しかし、唐栖は意にも介さず緋勇に向かって尋ねる。

「君も、そう思わないかい?」

緋勇の答えは意外だった。
穏やかな様子からは、想像もつかない毒舌が続いた。
微笑んだままで、平然と。

「私が神だくらい言えって。
………
それに、ひとりでも自分の手で殺したか?
生命が消える瞬間を感じながら、首を絞めるなり、胸を貫くなりして。お前は、鴉にやらせただけだろう。自分で血を浴びる事もなく。
臆病者が」


蓬莱寺や美里サンの言葉には、何の反応を示さなかった唐栖が動揺している。
あたり前だ。今、正直言って、自分もこの男が怖い。
穏やかで、綺麗なだけだと思ったこの男が。
氣のレベルが違う。迫力が違う。
そして、……殺気が違う。

「くくく…強がっていられるのも、今だけだ」

負け惜しみにしか思えないほどに動揺しながら、唐栖が吐き捨てた。
その言葉と共に、鴉が飛び立つ。


「雨紋くん、決着自分で着けたい?」

緋勇は、さっきの迫力がウソのようにのほほんと聞いてくる。
この大量の鴉に対しても、別段焦っていないようだ。

「当たり前だろうがッ」

先程の迫力に、気圧されたことがバレないように怒鳴る。


真神のヤツらが、緋勇の言葉を待つ。
そして指示に従い散開する。

「じゃ、行こうか」

唐栖をまっすぐに目指す、と緋勇は言った。
信じられねェ。正気か?

「やられない。俺が併走して防ぐから。行くよ」

叫んだ俺に返って来た言葉は、絶対の自信。過信ではない。
己ならできると、知っているからだ。
そして、仲間の腕も、信じているから。

「おうッ」

半ばヤケになり、防御を考えず走り出す。
すぐ近くを、ガンガンに桜井サンの矢が掠める。

しかし、緋勇はソレも、足場の悪さも、気にならないように、周囲の鴉を一気に屠る。
一瞬見とれちまった。
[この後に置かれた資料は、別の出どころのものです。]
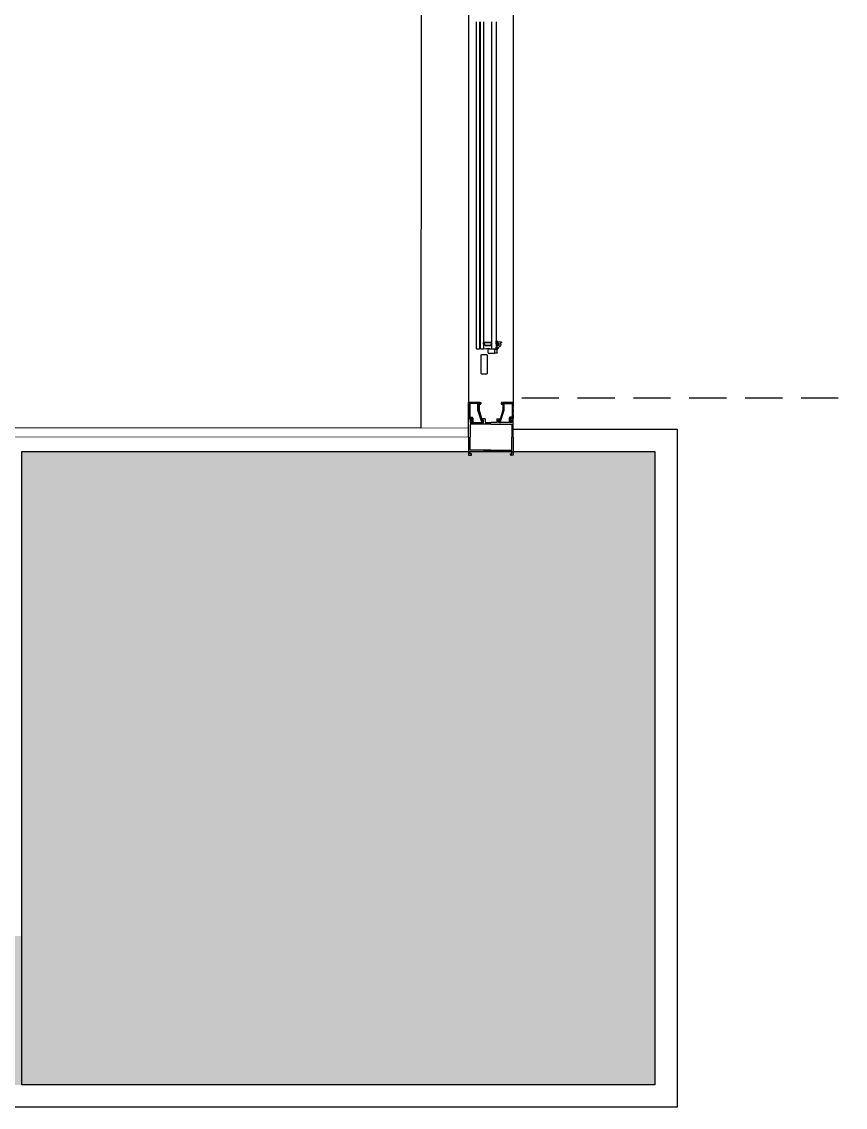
# Model space of a CAD drawing. Header units: millimetres. Extents: x 106699 to 122058, y 158555 to 162844.
# Drawn here: x 117462.6 to 117573.2, y 159766.8 to 159912.5 of the extents above; entities that cross this region are included whole.
import ezdxf

# ---------------------------------------------------------------- set-up
doc = ezdxf.new("R2010")
doc.units = ezdxf.units.MM
doc.linetypes.add('300_Z4_FCD_F03$0$GESTRICHELT', pattern=[0.75, 0.5, -0.25])
for name, color, linetype in [('0-HSL-WLL', 253, 'Continuous'), ('300_Z4_FCD_F03$0$0-LNS-VL8', 252, 'Continuous'), ('300_Z4_FCD_F03$0$3-EXT-PRF', 231, 'Continuous'), ('300_Z4_FCD_F03$0$3-OPN-GLS', 4, 'Continuous'), ('300_Z4_STR_F03$0$2-SPS-RCN', 2, 'Continuous')]:
    doc.layers.add(name, color=color, linetype=linetype)
doc.layers.add('300_Z4_STR_F03$0$AUDIT_D_220920114151-103', color=251, linetype='Continuous', lineweight=5)
doc.layers.add('no3_alçıpan kesit', color=210, linetype='Continuous', lineweight=20)
doc.layers.add('area', color=200, linetype='Continuous', plot=False)

# ---------------------------------------------------------------- blocks, each defined once
blk = doc.blocks.new('COLUMN')
at = {"layer": '300_Z4_STR_F03$0$AUDIT_D_220920114151-103', "true_color": 0x303030}
h = blk.add_hatch(color=250, dxfattribs=at)
h.dxf.hatch_style = 1
h.paths.add_polyline_path([(104767.62, 177818.4), (104852.62, 177818.4), (104852.62, 177903.41), (104767.62, 177903.41)])
h.paths.add_polyline_path([(104052.62, 177903.41), (104052.62, 177818.41), (103967.62, 177818.41), (103967.62, 177903.41)])
edge = h.paths.add_edge_path()
edge.add_line((104052.62, 177498.41), (104052.62, 177438.41))
h.paths.add_polyline_path([(103967.62, 177498.41), (104052.62, 177498.41), (104052.62, 177438.41), (103967.62, 177438.41)])
h.paths.add_polyline_path([(104852.62, 177438.41), (104767.62, 177438.41), (104767.62, 177498.41), (104852.62, 177498.41)])
h.paths.add_polyline_path([(104852.62, 177018.41), (104767.62, 177018.41), (104767.62, 177103.41), (104852.62, 177103.41)])
h.paths.add_polyline_path([(103967.62, 176233.41), (103967.62, 176318.41), (104052.62, 176318.41), (104052.62, 176233.41)])
h.paths.add_polyline_path([(103967.62, 177103.41), (104052.62, 177103.41), (104052.62, 177018.41), (103967.62, 177018.41)])
at = {"layer": '300_Z4_STR_F03$0$2-SPS-RCN'}
blk.add_lwpolyline([(103967.62, 176233.41), (103967.62, 176318.41), (104052.62, 176318.41), (104052.62, 176233.41)], close=True, dxfattribs=at)
blk = doc.blocks.new('A$C23cbbed9')
at = {"layer": '300_Z4_FCD_F03$0$0-LNS-VL8', "linetype": '300_Z4_FCD_F03$0$GESTRICHELT', "ltscale": 10}
blk.add_line((12.37, 1.67), (91.44, 1.67), dxfattribs=at)
blk.add_arc((11.44, 1.67), 80, 0, 90.133, dxfattribs=at)
at = {"layer": '300_Z4_FCD_F03$0$3-EXT-PRF', "ltscale": 10}
for points in [[(7.29, 9.08), (7.29, 8.84), (7.26, 8.84), (7.26, 9.08)], [(8.17, 8.66), (8.34, 8.84), (8.34, 9.08), (7.29, 9.08), (7.29, 8.84), (7.47, 8.66)], [(8.15, 8.7), (8.31, 8.85), (8.31, 9.05), (7.33, 9.05), (7.33, 8.85), (7.48, 8.7)], [(8.34, 9.08), (8.34, 8.84), (8.38, 8.84), (8.38, 9.08)]]:
    blk.add_lwpolyline(points, close=True, dxfattribs=at)
at = {"layer": '300_Z4_FCD_F03$0$3-EXT-PRF'}
blk.add_lwpolyline([(8.38, 8.84), (8.34, 8.84), (8.17, 8.66), (7.47, 8.66), (7.29, 8.84), (7.26, 8.84), (7.26, 8.24, -0.083618), (8.38, 8.24), (8.38, 8.84)], format="xyb", dxfattribs=at)
for points in [[(9.68, 9.06, -0.414214), (9.66, 9.03), (9.53, 9.03, 0.414214), (9.52, 9.02), (9.52, 8.85), (9.56, 8.85, -0.25821), (9.59, 8.84, -0.25297), (9.59, 8.82), (9.54, 8.64, 0.088702), (9.12, 8.25, -0.714466), (8.95, 8.31), (8.95, 8.44, -1), (9.02, 8.44), (9.02, 8.36, 0.915196), (9.04, 8.36), (9.09, 8.62, -0.363489), (9.11, 8.64), (9.13, 8.64, 0.845331), (9.13, 8.73, -0.362404), (8.95, 8.94), (8.95, 9.25, -0.80698), (9.09, 9.28, 0.26235), (9.17, 9.22), (9.63, 9.17, -0.379789), (9.68, 9.11)], [(9.17, 8.89, -0.612992), (9.08, 8.84, -0.239931), (9.01, 8.98), (9.01, 9.26, -1), (9.03, 9.26), (9.03, 9.23, -0.317837), (9.02, 9.21), (9.02, 9.2, 0.317975), (9.13, 9.04, -0.317975), (9.17, 8.99), (9.17, 8.89)], [(9.37, 8.96, 0.414214), (9.32, 9.01, 0.414214), (9.27, 8.96), (9.27, 8.75, 0.414214), (9.32, 8.7, 0.414214), (9.37, 8.75)]]:
    blk.add_lwpolyline(points, format="xyb", close=True, dxfattribs=at)
blk.add_lwpolyline([(7.74, 7.41), (7.74, 4.91), (7.67, 4.84), (7, 4.84), (6.93, 4.91), (6.93, 7.41), (7, 7.48), (7.67, 7.48)], close=True, dxfattribs=at)
at = {"layer": '300_Z4_FCD_F03$0$3-EXT-PRF', "linetype": 'ByBlock', "lineweight": -2}
for points in [[(7.87, 8.15, 0.148726), (7.87, 7.68, 0.32701), (7.92, 7.64), (8.69, 7.64, 0.326981), (8.73, 7.68, 0.148707), (8.73, 8.15, 0.326981), (8.69, 8.19), (7.92, 8.19, 0.327043)], [(9.08, 8.19, 0.16591), (9.08, 7.64), (8.69, 7.64, 0.326981), (8.73, 7.68, 0.148707), (8.73, 8.15, 0.326981), (8.69, 8.19)]]:
    blk.add_lwpolyline(points, format="xyb", close=True, dxfattribs=at)
at = {"layer": '300_Z4_FCD_F03$0$3-OPN-GLS'}
for points in [[(6.73, 52.14), (6.73, 8.24), (6.66, 8.17), (6.38, 8.17), (6.31, 8.24), (6.31, 52.14)], [(7.26, 52.14), (7.26, 8.24), (7.19, 8.17), (6.91, 8.17), (6.84, 8.24), (6.84, 52.14)], [(8.94, 52.14), (8.94, 8.24), (8.87, 8.17), (8.45, 8.17), (8.38, 8.24), (8.38, 52.14)]]:
    blk.add_lwpolyline(points, dxfattribs=at)

msp = doc.modelspace()

# ---------------------------------------------------------------- hatches: boundary and pattern name
at = {"layer": '0-HSL-WLL', "true_color": 0x7a7a7a}
h = msp.add_hatch(color=8, dxfattribs=at)
h.dxf.hatch_style = 1
h.paths.add_polyline_path([(115902.59, 160910.9), (115877.59, 160910.9), (115877.59, 160654.78), (115902.58, 160654.78), (115902.58, 160674.78), (115902.58, 160674.78), (115902.58, 160654.78), (117155.97, 160654.78), (117155.97, 160127.9), (117519.32, 160127.9), (117519.32, 160147.9), (117175.97, 160147.9), (117175.97, 160674.78), (115902.58, 160674.78), (115902.58, 160654.82), (115902.58, 160654.78), (115902.58, 160674.78)])
h.paths.add_polyline_path([(115902.59, 160569.78), (115877.59, 160569.78), (115877.59, 160351.53), (115877.59, 160281.65), (115902.59, 160281.65)], flags=17)
h.paths.add_polyline_path([(117462.59, 159769.78), (117462.59, 159789.78), (116762.59, 159789.78), (116762.59, 159769.78)])
h.paths.add_polyline_path([(116342.59, 159789.78), (116342.59, 159769.78), (116677.59, 159769.78), (116677.59, 159789.78)])
h.paths.add_polyline_path([(116282.59, 159769.78), (116282.59, 159789.78), (115962.59, 159789.78), (115962.59, 159769.78)])

# ---------------------------------------------------------------- linework, layer by layer
at = {"layer": '300_Z4_FCD_F03$0$0-LNS-VL8'}
for p, q in [((117522.59, 159994.44), (117522.59, 159861.37)), ((117528.59, 159994.44), (117528.59, 159861.37))]:
    msp.add_line(p, q, dxfattribs=at)
at = {"layer": '300_Z4_FCD_F03$0$3-EXT-PRF'}
for p, q in [((117522.89, 159861.38), (117522.59, 159861.09)), ((117522.87, 159861.38), (117522.59, 159861.1)), ((117522.85, 159861.38), (117522.59, 159861.12)), ((117522.84, 159861.38), (117522.59, 159861.14)), ((117522.82, 159861.38), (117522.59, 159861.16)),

まるで、綺麗な死神だ。


「ほら、行け」

唐栖への直線が開いた瞬間、その死神に突き飛ばされた。
地上何メートルかもわからない、頼りない足場の上で。

「危ねェじゃねぇかッ!!ここを何階だとおもってンだ!」
「伏せて」

思わず従うと、すぐ上を気塊が通り、鴉がすっ飛ばされる。

「頑張って」

唐栖のすぐ傍だった。……その計画に、乗ってやる。

氣を練り上げる。コイツを止めるためにッ!!

「てやアッ!!雷神突きッ!!」


帰り際に、これからどうするのかを、桜井サンが聞いてきた。
これから?
……また、普通の生活に戻るさ。


「今回は利害の一致で協力した。ただ……それだけだろう?」
「帰っちゃうのかい。人にガードさせといて」

緋勇は、微笑んだ。なんて凶悪なんだ。
これから逃げられるのか――それは、不可能だろう。
……仕方ねェ

「よろしくな、せ・ん・ぱ・い―――」

せめておどけて答える。
魅了されたことを気取られない為に。